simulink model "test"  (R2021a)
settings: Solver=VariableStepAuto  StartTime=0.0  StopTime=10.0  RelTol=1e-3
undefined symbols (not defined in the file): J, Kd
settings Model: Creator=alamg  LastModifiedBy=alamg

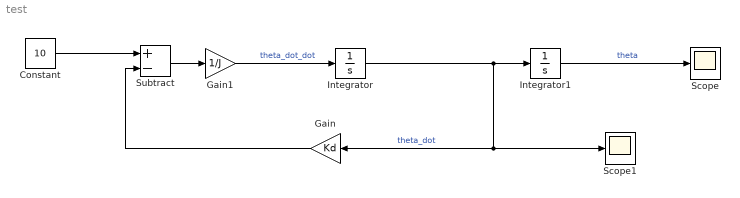
== system test ==
  Constant : Constant  Value=10
  Gain : Gain  Gain=Kd
  Gain1 : Gain  Gain=1/J
  Integrator : Integrator
  Integrator1 : Integrator
  Scope : Scope
  Scope1 : Scope
  Subtract : Sum  Inputs=+-
  wires:
  Integrator/1 -> Scope1/1, Gain/1, Integrator1/1  "theta_dot"
  Gain1/1 -> Integrator/1  "theta_dot_dot"
  Integrator1/1 -> Scope/1  "theta"
  Constant/1 -> Subtract/1
  Gain/1 -> Subtract/2
  Subtract/1 -> Gain1/1

◇ ◇ ◇ ◇

Brief
Your reply should hold only the records, duplicated exactly, without any image.

Output of the task
simulink model "test"  (R2021a)
settings: Solver=VariableStepAuto  StartTime=0.0  StopTime=10.0  RelTol=1e-3
undefined symbols (not defined in the file): J, Kd
settings Model: Creator=alamg  LastModifiedBy=alamg

== system test ==
  Constant : Constant  Value=10
  Gain : Gain  Gain=Kd
  Gain1 : Gain  Gain=1/J
  Integrator : Integrator
  Integrator1 : Integrator
  Scope : Scope
  Scope1 : Scope
  Subtract : Sum  Inputs=+-
  wires:
  Integrator/1 -> Scope1/1, Gain/1, Integrator1/1  "theta_dot"
  Gain1/1 -> Integrator/1  "theta_dot_dot"
  Integrator1/1 -> Scope/1  "theta"
  Constant/1 -> Subtract/1
  Gain/1 -> Subtract/2
  Subtract/1 -> Gain1/1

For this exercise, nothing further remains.